◆ **Exercise**: If pictures appear among the lines below, leave them out while you return exactly the lines from the one with "init = [-0.2 0 0 0 0 0 0 0]" through the one with "system 43_BusNetworkElectricityTransmissionModel/South Network".
....................
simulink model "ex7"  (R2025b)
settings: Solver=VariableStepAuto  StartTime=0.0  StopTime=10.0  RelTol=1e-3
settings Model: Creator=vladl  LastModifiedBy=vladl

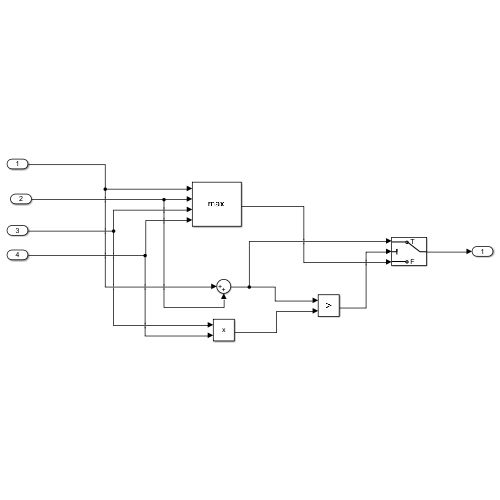
[thumbnail: Simulink's stored preview of the top-level diagram]
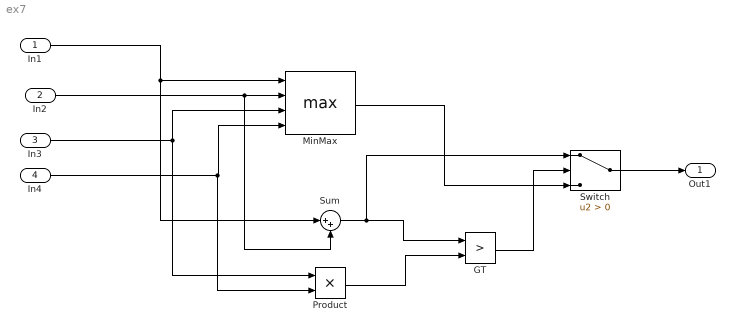
== system ex7 ==
  In1 : Inport
  In2 : Inport  Port=2
  In3 : Inport  Port=3
  In4 : Inport  Port=4
  GT : RelationalOperator  Operator=>  OutDataTypeStr=boolean  RndMeth=Simplest  InputSameDT=off
  MinMax : MinMax  Function=max  Inputs=4
  Product : Product
  Sum : Sum  Inputs=|++
  Switch : Switch  Criteria=u2 > Threshold  SaturateOnIntegerOverflow=off  InputSameDT=off
  Out1 : Outport
  wires:
  In1/1 -> Sum/1, MinMax/1
  In2/1 -> Sum/2, MinMax/2
  In3/1 -> MinMax/3, Product/1
  In4/1 -> Product/2, MinMax/4
  Sum/1 -> Switch/1, GT/1
  Product/1 -> GT/2
  GT/1 -> Switch/2
  MinMax/1 -> Switch/3
  Switch/1 -> Out1/1
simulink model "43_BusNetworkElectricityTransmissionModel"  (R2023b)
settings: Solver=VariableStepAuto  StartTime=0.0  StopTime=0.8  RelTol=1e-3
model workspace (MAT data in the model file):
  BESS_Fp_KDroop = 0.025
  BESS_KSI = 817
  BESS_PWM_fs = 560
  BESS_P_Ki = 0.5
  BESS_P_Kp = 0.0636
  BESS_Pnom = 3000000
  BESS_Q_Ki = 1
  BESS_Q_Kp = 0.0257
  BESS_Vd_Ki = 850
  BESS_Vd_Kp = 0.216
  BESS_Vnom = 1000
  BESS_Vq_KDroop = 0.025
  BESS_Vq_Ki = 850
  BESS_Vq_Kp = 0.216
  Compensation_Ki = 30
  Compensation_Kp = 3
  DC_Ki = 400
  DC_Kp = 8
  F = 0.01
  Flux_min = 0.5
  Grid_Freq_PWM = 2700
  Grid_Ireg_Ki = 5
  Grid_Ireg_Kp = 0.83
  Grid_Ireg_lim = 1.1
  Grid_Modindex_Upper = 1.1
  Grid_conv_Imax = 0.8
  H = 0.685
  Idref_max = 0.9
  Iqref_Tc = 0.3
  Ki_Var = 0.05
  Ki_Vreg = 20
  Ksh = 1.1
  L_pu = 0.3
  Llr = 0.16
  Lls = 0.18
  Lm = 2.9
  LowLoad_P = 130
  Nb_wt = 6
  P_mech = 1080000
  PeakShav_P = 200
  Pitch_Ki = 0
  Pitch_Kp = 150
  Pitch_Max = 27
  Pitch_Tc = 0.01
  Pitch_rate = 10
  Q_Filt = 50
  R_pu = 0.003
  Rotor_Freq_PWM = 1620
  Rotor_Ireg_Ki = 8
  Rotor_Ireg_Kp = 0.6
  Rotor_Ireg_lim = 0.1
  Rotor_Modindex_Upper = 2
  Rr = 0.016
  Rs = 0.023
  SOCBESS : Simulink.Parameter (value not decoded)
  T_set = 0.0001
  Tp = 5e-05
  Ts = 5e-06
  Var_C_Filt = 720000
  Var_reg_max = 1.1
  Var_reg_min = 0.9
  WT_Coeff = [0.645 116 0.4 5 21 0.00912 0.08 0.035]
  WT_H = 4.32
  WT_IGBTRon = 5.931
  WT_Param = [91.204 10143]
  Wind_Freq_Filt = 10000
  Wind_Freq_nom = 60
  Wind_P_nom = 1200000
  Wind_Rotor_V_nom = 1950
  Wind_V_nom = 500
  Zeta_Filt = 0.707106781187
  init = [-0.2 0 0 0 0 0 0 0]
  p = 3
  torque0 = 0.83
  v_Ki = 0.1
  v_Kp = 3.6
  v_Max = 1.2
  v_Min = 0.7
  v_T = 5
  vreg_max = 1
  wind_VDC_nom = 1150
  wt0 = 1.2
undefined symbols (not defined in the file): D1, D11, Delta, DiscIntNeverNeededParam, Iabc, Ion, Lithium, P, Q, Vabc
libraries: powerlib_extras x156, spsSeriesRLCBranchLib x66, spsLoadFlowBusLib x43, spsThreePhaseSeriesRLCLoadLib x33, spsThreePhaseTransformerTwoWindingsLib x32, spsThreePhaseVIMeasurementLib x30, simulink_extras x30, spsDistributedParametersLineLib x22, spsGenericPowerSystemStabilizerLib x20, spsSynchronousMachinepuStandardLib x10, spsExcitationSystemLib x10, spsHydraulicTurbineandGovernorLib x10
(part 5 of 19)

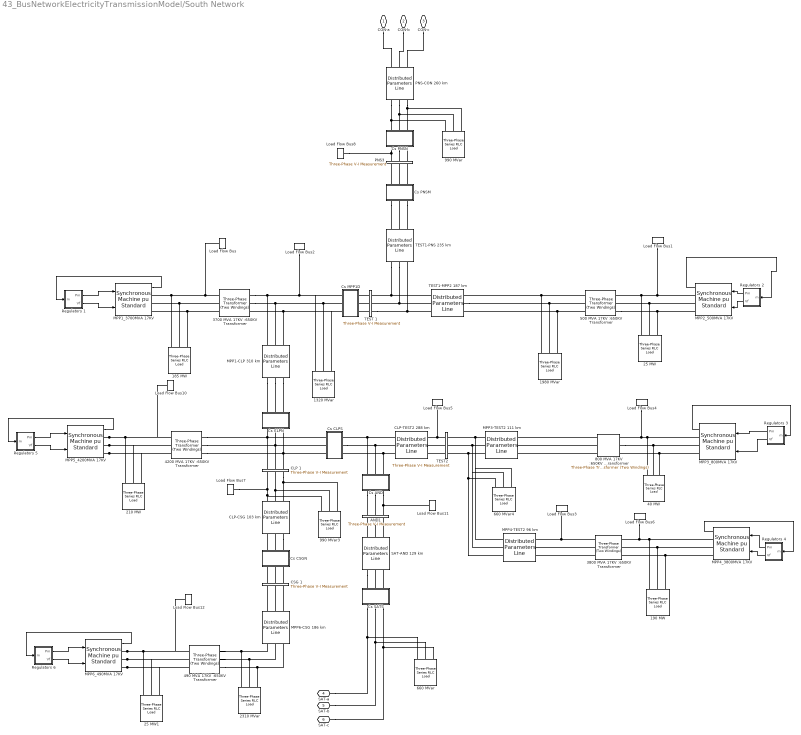
== system 43_BusNetworkElectricityTransmissionModel/South Network ==
  " SAT-AND 129 km" : spsDistributedParametersLineLib/Distributed Parameters Line  Phases=3  Length=129  Frequency=60  Resistance=[0.01273 0.3864]/6  Inductance="[0.9337e-3  4.1264e-3]/6"  Capacitance=[12.74e-9 7.751e-9]*6  x1=[-0.00078 2.60302457371263e-08 -160778.939869371 -239310.302920162;-0.00072 2.65712134423961e-08 -155325.195833165 -242885.5399717;-0.00066 2.70985868238892e-08 -149791.98455669 -246336.512292981;-0.0006 2.76120960676389e-08 -144182.136933079 -249661.454302796;-0.00054 2.81114784528276e-08 -138498.523064033 -252858.664899377;-0.00048 2.85964784861993e-08 -132744.050791429 -255926.508330705;-0.00042 2.90668480327754e-08 -126921.664209612 -258863.415031392;-0.00036 2.95223464428043e-08 -121034.342159143 -261667.882425704;-0.0003 2.99627406748828e-08 -115085.096702768 -264338.4756963;-0.00024 3.03878054151842e-08 -109076.971584392 -266873.828518316;-0.00018 3.07973231927332e-08 -103013.040671842 -269272.643758401;-0.00012 3.11910844906677e-08 -96896.4063842224 -271533.694138353;-6e-05 3.15688878534317e-08 -90730.1981046569 -273655.822863018]  x2=[-0.00078 5.55178195316479e-08 -88962.2973602101 -231944.533349288;-0.00072 5.76982364407432e-08 -83693.5243512018 -233897.335995697;-0.00066 5.98491338659346e-08 -78381.9321886569 -235730.472443085;-0.0006 6.19694113683554e-08 -73030.2383812726 -237443.004824972;-0.00054 6.4057984174857e-08 -67641.1809544889 -239034.056978149;-0.00048 6.61137837329993e-08 -62217.5170496635 -240502.814890934;-0.00042 6.81357582577416e-08 -56762.021513468 -241848.52711964;-0.00036 7.01228732695551e-08 -51277.4854782247 -243070.505173024;-0.0003 7.20741121236823e-08 -45766.7149339116 -244168.123864536;-0.00024 7.39884765302704e-08 -40232.5292925668 -245140.82163217;-0.00018 7.58649870651158e-08 -34677.7599458242 -245988.100825776;-0.00012 7.7702683670755e-08 -29105.2488163219 -246709.527961661;-6e-05 7.95006261476476e-08 -23517.8469037221 -247304.733944374]  x3=[-0.00078 -1.62971978119486e-09 -2676.70735567061 -14439.1653842091;-0.00072 -1.59483091706544e-09 -2349.44448965774 -14496.0134442237;-0.00066 -1.55912610796977e-09 -2020.97960443123 -14545.4450759047;-0.0006 -1.52262362114792e-09 -1691.48074869568 -14587.4349891159;-0.00054 -1.48534213194664e-09 -1361.11650015412 -14621.9617010419;-0.00048 -1.4473007142647e-09 -1030.05587926054 -14649.0075471789;-0.00042 -1.40851883079429e-09 -698.468262745896 -14668.5586903722;-0.00036 -1.36901632306361e-09 -366.523296961816 -14680.6051278957;-0.0003 -1.32881340128554e-09 -34.3908110864396 -14685.1406965693;-0.00024 -1.28793063401772e-09 297.759269763359 -14682.1630759124;-0.00018 -1.24638893763932e-09 629.757011468787 -14671.6737893307;-0.00012 -1.2042095656498e-09 961.432557850576 -14653.678203337;-6e-05 -1.16141409779526e-09 1292.61621757054 -14628.1855248057]  x4=[-0.00078 2.13998612808817e-09 -3708.50494908711 4506.04674626499;-0.00072 2.12843326610419e-09 -3809.4714718435 4421.01671562987;-0.00066 2.11579145833235e-09 -3908.48899860396 4333.72481115204;-0.0006 2.1020671725551e-09 -4005.50687017216 4244.2156929828;-0.00054 2.08726743037064e-09 -4100.47545041233 4152.53515564094;-0.00048 2.07139980360052e-09 -4193.34615164399 4058.73010458342;-0.00042 2.05447241041582e-09 -4284.07145950033 3962.84853220769;-0.00036 2.03649391118366e-09 -4372.60495723746 3864.93949329786;-0.0003 2.01747350403647e-09 -4458.90134948202 3765.05307992739;-0.00024 1.99742092016598e-09 -4542.91648540516 3663.24039583105;-0.00018 1.97634641884464e-09 -4624.60738131092 3559.5535302593;-0.00012 1.95426078217673e-09 -4703.93224262748 3454.04553132848;-6e-05 1.93117530958208e-09 -4780.85048529004 3346.77037888041]  x5=0.000729548621424508  V1=[2.188e-18 3.182e-07 3.182e-07;377 377 377;0.6306 1.295 -0.2758]  V2=[1.209e-19 1.011e-07 1.011e-07;377 377 377;-2.255 -1.798 2.915]  I1=[1.016e-20 9.164e-09 9.164e-09;377 377 377;2.19 2.786 1.215]  I2=[1.089e-20 9.22e-09 9.22e-09;377 377 377;-0.7019 -0.2685 -1.839]  nHarmo=1  Measurements=None  Decoupling=off  VsMag0=0  VrMag0=0  VsAngle0=0  VrAngle0=0  IsMag0=0  IrMag0=0  IsAngle0=0  IrAngle0=0
      settings: LibrarySourceBlock=sps_lib/Power Grid Elements/Distributed Parameters Line
  1320 MVar : spsThreePhaseSeriesRLCLoadLib/Three-Phase Series RLC Load  LConnTagsString=A|B|C  Configuration=Y (grounded)  NominalVoltage=650e3  Vabc=[1e3 1e3 1e3]  Vabcp=[1e3 1e3 1e3]  NominalFrequency=60  UnbalancedPower=off  ActivePower=4400e3  InductivePower=1320e6  CapacitivePower=0  Pabc=[10e3 9e3 11e3]  QLabc=[100 90 110]  QCabc=[100 90 110]  Pabcp=[10e3 9e3 11e3]  QLabcp=[100 90 110]  QCabcp=[100 90 110]  Measurements=None  LoadType=constant Z
  185 MW : spsThreePhaseSeriesRLCLoadLib/Three-Phase Series RLC Load  LConnTagsString=A|B|C  Configuration=Y (grounded)  NominalVoltage=17e3  Vabc=[1e3 1e3 1e3]  Vabcp=[1e3 1e3 1e3]  NominalFrequency=60  UnbalancedPower=off  ActivePower=185e6  InductivePower=0  CapacitivePower=0  Pabc=[10e3 9e3 11e3]  QLabc=[100 90 110]  QCabc=[100 90 110]  Pabcp=[10e3 9e3 11e3]  QLabcp=[100 90 110]  QCabcp=[100 90 110]  Measurements=None  LoadType=constant Z
  190 MW : spsThreePhaseSeriesRLCLoadLib/Three-Phase Series RLC Load  LConnTagsString=A|B|C  Configuration=Y (grounded)  NominalVoltage=17e3  Vabc=[1e3 1e3 1e3]  Vabcp=[1e3 1e3 1e3]  NominalFrequency=60  UnbalancedPower=off  ActivePower=190e6  InductivePower=0  CapacitivePower=0  Pabc=[10e3 9e3 11e3]  QLabc=[100 90 110]  QCabc=[100 90 110]  Pabcp=[10e3 9e3 11e3]  QLabcp=[100 90 110]  QCabcp=[100 90 110]  Measurements=None  LoadType=constant Z
  1980 MVar : spsThreePhaseSeriesRLCLoadLib/Three-Phase Series RLC Load  LConnTagsString=A|B|C  Configuration=Y (grounded)  NominalVoltage=650e3  Vabc=[1e3 1e3 1e3]  Vabcp=[1e3 1e3 1e3]  NominalFrequency=60  UnbalancedPower=off  ActivePower=4400e3  InductivePower=1320e6  CapacitivePower=0  Pabc=[10e3 9e3 11e3]  QLabc=[100 90 110]  QCabc=[100 90 110]  Pabcp=[10e3 9e3 11e3]  QLabcp=[100 90 110]  QCabcp=[100 90 110]  Measurements=None  LoadType=constant Z
  210 MW : spsThreePhaseSeriesRLCLoadLib/Three-Phase Series RLC Load  LConnTagsString=A|B|C  Configuration=Y (grounded)  NominalVoltage=17e3  Vabc=[1e3 1e3 1e3]  Vabcp=[1e3 1e3 1e3]  NominalFrequency=60  UnbalancedPower=off  ActivePower=210e6  InductivePower=0  CapacitivePower=0  Pabc=[10e3 9e3 11e3]  QLabc=[100 90 110]  QCabc=[100 90 110]  Pabcp=[10e3 9e3 11e3]  QLabcp=[100 90 110]  QCabcp=[100 90 110]  Measurements=None  LoadType=constant Z
  2310 MVar : spsThreePhaseSeriesRLCLoadLib/Three-Phase Series RLC Load  LConnTagsString=A|B|C  Configuration=Y (grounded)  NominalVoltage=650e3  Vabc=[1e3 1e3 1e3]  Vabcp=[1e3 1e3 1e3]  NominalFrequency=60  UnbalancedPower=off  ActivePower=7700e3  InductivePower=2310e6  CapacitivePower=0  Pabc=[10e3 9e3 11e3]  QLabc=[100 90 110]  QCabc=[100 90 110]  Pabcp=[10e3 9e3 11e3]  QLabcp=[100 90 110]  QCabcp=[100 90 110]  Measurements=None  LoadType=constant Z
  25 MW : spsThreePhaseSeriesRLCLoadLib/Three-Phase Series RLC Load  LConnTagsString=A|B|C  Configuration=Y (grounded)  NominalVoltage=17e3  Vabc=[1e3 1e3 1e3]  Vabcp=[1e3 1e3 1e3]  NominalFrequency=60  UnbalancedPower=off  ActivePower=25e6  InductivePower=0  CapacitivePower=0  Pabc=[10e3 9e3 11e3]  QLabc=[100 90 110]  QCabc=[100 90 110]  Pabcp=[10e3 9e3 11e3]  QLabcp=[100 90 110]  QCabcp=[100 90 110]  Measurements=None  LoadType=constant Z
  25 MW1 : spsThreePhaseSeriesRLCLoadLib/Three-Phase Series RLC Load  LConnTagsString=A|B|C  Configuration=Y (grounded)  NominalVoltage=17e3  Vabc=[1e3 1e3 1e3]  Vabcp=[1e3 1e3 1e3]  NominalFrequency=60  UnbalancedPower=off  ActivePower=25e6  InductivePower=0  CapacitivePower=0  Pabc=[10e3 9e3 11e3]  QLabc=[100 90 110]  QCabc=[100 90 110]  Pabcp=[10e3 9e3 11e3]  QLabcp=[100 90 110]  QCabcp=[100 90 110]  Measurements=None  LoadType=constant Z
  "3700 MVA 17KV :650KV Transformer " : spsThreePhaseTransformerTwoWindingsLib/Three-Phase Transformer (Two Windings)  Winding1Connection=Delta (D1)  Winding2Connection=Yg  CoreType=Three single-phase transformers  SetSaturation=off  Hysteresis=off  DataFile='hysteresis'  SetInitialFlux=off  Measurements=None  UNITS=pu  NominalPower=[ 3700e6 , 60 ]  Winding1=[ 17e3 , 0.002 , 0.08 ]  Winding2=[ 650e3 , 0.002 , 0.08 ]  Rm=500  Lm=500  L0=0.5  Saturation=[ 0,0 ; 0.0024,1.2 ; 1.0,1.52 ]  InitialFluxes=[ 0.8 , -0.8 , 0.7 ]  BreakLoop=off  DiscreteSolver=Trapezoidal iterative  DataType=off  TransfoNumber=1
  3800 MVA 17KV :650KV Transformer : spsThreePhaseTransformerTwoWindingsLib/Three-Phase Transformer (Two Windings)  Winding1Connection=Yg  Winding2Connection=Delta (D1)  CoreType=Three single-phase transformers  SetSaturation=off  Hysteresis=off  DataFile='hysteresis'  SetInitialFlux=off  Measurements=None  UNITS=pu  NominalPower=[ 3800e6 , 60 ]  Winding1=[ 650e3 , 0.002 , 0.08 ]  Winding2=[ 17e3 , 0.002 , 0.08 ]  Rm=500  Lm=500  L0=0.5  Saturation=[ 0,0 ; 0.0024,1.2 ; 1.0,1.52 ]  InitialFluxes=[ 0.8 , -0.8 , 0.7 ]  BreakLoop=off  DiscreteSolver=Trapezoidal iterative  DataType=off  TransfoNumber=1
  40 MW : spsThreePhaseSeriesRLCLoadLib/Three-Phase Series RLC Load  LConnTagsString=A|B|C  Configuration=Y (grounded)  NominalVoltage=17e3  Vabc=[1e3 1e3 1e3]  Vabcp=[1e3 1e3 1e3]  NominalFrequency=60  UnbalancedPower=off  ActivePower=40e6  InductivePower=0  CapacitivePower=0  Pabc=[10e3 9e3 11e3]  QLabc=[100 90 110]  QCabc=[100 90 110]  Pabcp=[10e3 9e3 11e3]  QLabcp=[100 90 110]  QCabcp=[100 90 110]  Measurements=None  LoadType=constant Z
  4200 MVA 17KV :650KV Transformer : spsThreePhaseTransformerTwoWindingsLib/Three-Phase Transformer (Two Windings)  Winding1Connection=Delta (D1)  Winding2Connection=Yg  CoreType=Three single-phase transformers  SetSaturation=off  Hysteresis=off  DataFile='hysteresis'  SetInitialFlux=off  Measurements=None  UNITS=pu  NominalPower=[ 4200e6 , 60 ]  Winding1=[ 17e3 , 0.002 , 0.08 ]  Winding2=[ 650e3 , 0.002 , 0.08 ]  Rm=500  Lm=500  L0=0.5  Saturation=[ 0,0 ; 0.0024,1.2 ; 1.0,1.52 ]  InitialFluxes=[ 0.8 , -0.8 , 0.7 ]  BreakLoop=off  DiscreteSolver=Trapezoidal iterative  DataType=off  TransfoNumber=1
  490 MVA 17KV :650KV Transformer : spsThreePhaseTransformerTwoWindingsLib/Three-Phase Transformer (Two Windings)  Winding1Connection=Delta (D1)  Winding2Connection=Yg  CoreType=Three single-phase transformers  SetSaturation=off  Hysteresis=off  DataFile='hysteresis'  SetInitialFlux=off  Measurements=None  UNITS=pu  NominalPower=[ 490e6 , 60 ]  Winding1=[ 17e3 , 0.002 , 0.08 ]  Winding2=[ 650e3 , 0.002 , 0.08 ]  Rm=500  Lm=500  L0=0.5  Saturation=[ 0,0 ; 0.0024,1.2 ; 1.0,1.52 ]  InitialFluxes=[ 0.8 , -0.8 , 0.7 ]  BreakLoop=off  DiscreteSolver=Trapezoidal iterative  DataType=off  TransfoNumber=1
  "500 MVA 17KV :650KV Transformer " : spsThreePhaseTransformerTwoWindingsLib/Three-Phase Transformer (Two Windings)  Winding1Connection=Yg  Winding2Connection=Delta (D1)  CoreType=Three single-phase transformers  SetSaturation=off  Hysteresis=off  DataFile='hysteresis'  SetInitialFlux=off  Measurements=None  UNITS=pu  NominalPower=[ 500e6 , 60 ]  Winding1=[650e3 , 0.002 , 0.08 ]  Winding2=[17e3 , 0.002 , 0.08 ]  Rm=500  Lm=500  L0=0.5  Saturation=[ 0,0 ; 0.0024,1.2 ; 1.0,1.52 ]  InitialFluxes=[ 0.8 , -0.8 , 0.7 ]  BreakLoop=off  DiscreteSolver=Trapezoidal iterative  DataType=off  TransfoNumber=1
  660 MVar : spsThreePhaseSeriesRLCLoadLib/Three-Phase Series RLC Load  LConnTagsString=A|B|C  Configuration=Y (grounded)  NominalVoltage=650e3  Vabc=[1e3 1e3 1e3]  Vabcp=[1e3 1e3 1e3]  NominalFrequency=60  UnbalancedPower=off  ActivePower=2200e3  InductivePower=660e6  CapacitivePower=0  Pabc=[10e3 9e3 11e3]  QLabc=[100 90 110]  QCabc=[100 90 110]  Pabcp=[10e3 9e3 11e3]  QLabcp=[100 90 110]  QCabcp=[100 90 110]  Measurements=None  LoadType=constant Z
  660 MVar4 : spsThreePhaseSeriesRLCLoadLib/Three-Phase Series RLC Load  LConnTagsString=A|B|C  Configuration=Y (grounded)  NominalVoltage=650e3  Vabc=[1e3 1e3 1e3]  Vabcp=[1e3 1e3 1e3]  NominalFrequency=60  UnbalancedPower=off  ActivePower=2200e3  InductivePower=660e6  CapacitivePower=0  Pabc=[10e3 9e3 11e3]  QLabc=[100 90 110]  QCabc=[100 90 110]  Pabcp=[10e3 9e3 11e3]  QLabcp=[100 90 110]  QCabcp=[100 90 110]  Measurements=None  LoadType=constant Z
  800 MVA 17KV :650KV Transformer : spsThreePhaseTransformerTwoWindingsLib/Three-Phase Transformer (Two Windings)  Winding1Connection=Yg  Winding2Connection=Delta (D1)  CoreType=Three single-phase transformers  SetSaturation=off  Hysteresis=off  DataFile='hysteresis'  SetInitialFlux=off  Measurements=None  UNITS=pu  NominalPower=[ 800e6 , 60 ]  Winding1=[650e3 , 0.002 , 0.08 ]  Winding2=[ 17e3 , 0.002 , 0.08 ]  Rm=500  Lm=500  L0=0.5  Saturation=[ 0,0 ; 0.0024,1.2 ; 1.0,1.52 ]  InitialFluxes=[ 0.8 , -0.8 , 0.7 ]  BreakLoop=off  DiscreteSolver=Trapezoidal iterative  DataType=off  TransfoNumber=1
  990 MVar : spsThreePhaseSeriesRLCLoadLib/Three-Phase Series RLC Load  LConnTagsString=A|B|C  Configuration=Y (grounded)  NominalVoltage=650e3  Vabc=[1e3 1e3 1e3]  Vabcp=[1e3 1e3 1e3]  NominalFrequency=60  UnbalancedPower=off  ActivePower=2200e3  InductivePower=660e6  CapacitivePower=0  Pabc=[10e3 9e3 11e3]  QLabc=[100 90 110]  QCabc=[100 90 110]  Pabcp=[10e3 9e3 11e3]  QLabcp=[100 90 110]  QCabcp=[100 90 110]  Measurements=None  LoadType=constant Z
  990 MVar3 : spsThreePhaseSeriesRLCLoadLib/Three-Phase Series RLC Load  LConnTagsString=A|B|C  Configuration=Y (grounded)  NominalVoltage=650e3  Vabc=[1e3 1e3 1e3]  Vabcp=[1e3 1e3 1e3]  NominalFrequency=60  UnbalancedPower=off  ActivePower=3300e3  InductivePower=990e6  CapacitivePower=0  Pabc=[10e3 9e3 11e3]  QLabc=[100 90 110]  QCabc=[100 90 110]  Pabcp=[10e3 9e3 11e3]  QLabcp=[100 90 110]  QCabcp=[100 90 110]  Measurements=None  LoadType=constant Z
  AND1 : spsThreePhaseVIMeasurementLib/Three-Phase V-I Measurement  VoltageMeasurement=no  SetLabelV=off  LabelV=Vabc  Vpu=off  VpuLL=off  CurrentMeasurement=no  SetLabelI=off  LabelI=Iabc  Ipu=off  Pbase=100e6  Vbase=500e3  OutputType=Complex  PhasorSimulation=off  PSBequivalent=0
  CLP 1 : spsThreePhaseVIMeasurementLib/Three-Phase V-I Measurement  VoltageMeasurement=no  SetLabelV=off  LabelV=Vabc  Vpu=off  VpuLL=off  CurrentMeasurement=no  SetLabelI=off  LabelI=Iabc  Ipu=off  Pbase=100e6  Vbase=500e3  OutputType=Complex  PhasorSimulation=off  PSBequivalent=0
  CLP-CSG 103 km : spsDistributedParametersLineLib/Distributed Parameters Line  Phases=3  Length=103  Frequency=60  Resistance=[0.01273 0.3864]/6  Inductance="[0.9337e-3  4.1264e-3]/6"  Capacitance=[12.74e-9 7.751e-9]*6  x1=[-0.0006 -1.59527268806973e-09 -150303.114194882 -256726.621745232;-0.00054 -4.5555615464784e-10 -144458.137768001 -260060.467180281;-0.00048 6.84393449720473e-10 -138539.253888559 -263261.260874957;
....................
◆ **Final answer**:
  init = [-0.2 0 0 0 0 0 0 0]
  p = 3
  torque0 = 0.83
  v_Ki = 0.1
  v_Kp = 3.6
  v_Max = 1.2
  v_Min = 0.7
  v_T = 5
  vreg_max = 1
  wind_VDC_nom = 1150
  wt0 = 1.2
undefined symbols (not defined in the file): D1, D11, Delta, DiscIntNeverNeededParam, Iabc, Ion, Lithium, P, Q, Vabc
libraries: powerlib_extras x156, spsSeriesRLCBranchLib x66, spsLoadFlowBusLib x43, spsThreePhaseSeriesRLCLoadLib x33, spsThreePhaseTransformerTwoWindingsLib x32, spsThreePhaseVIMeasurementLib x30, simulink_extras x30, spsDistributedParametersLineLib x22, spsGenericPowerSystemStabilizerLib x20, spsSynchronousMachinepuStandardLib x10, spsExcitationSystemLib x10, spsHydraulicTurbineandGovernorLib x10
(part 5 of 19)

== system 43_BusNetworkElectricityTransmissionModel/South Network ==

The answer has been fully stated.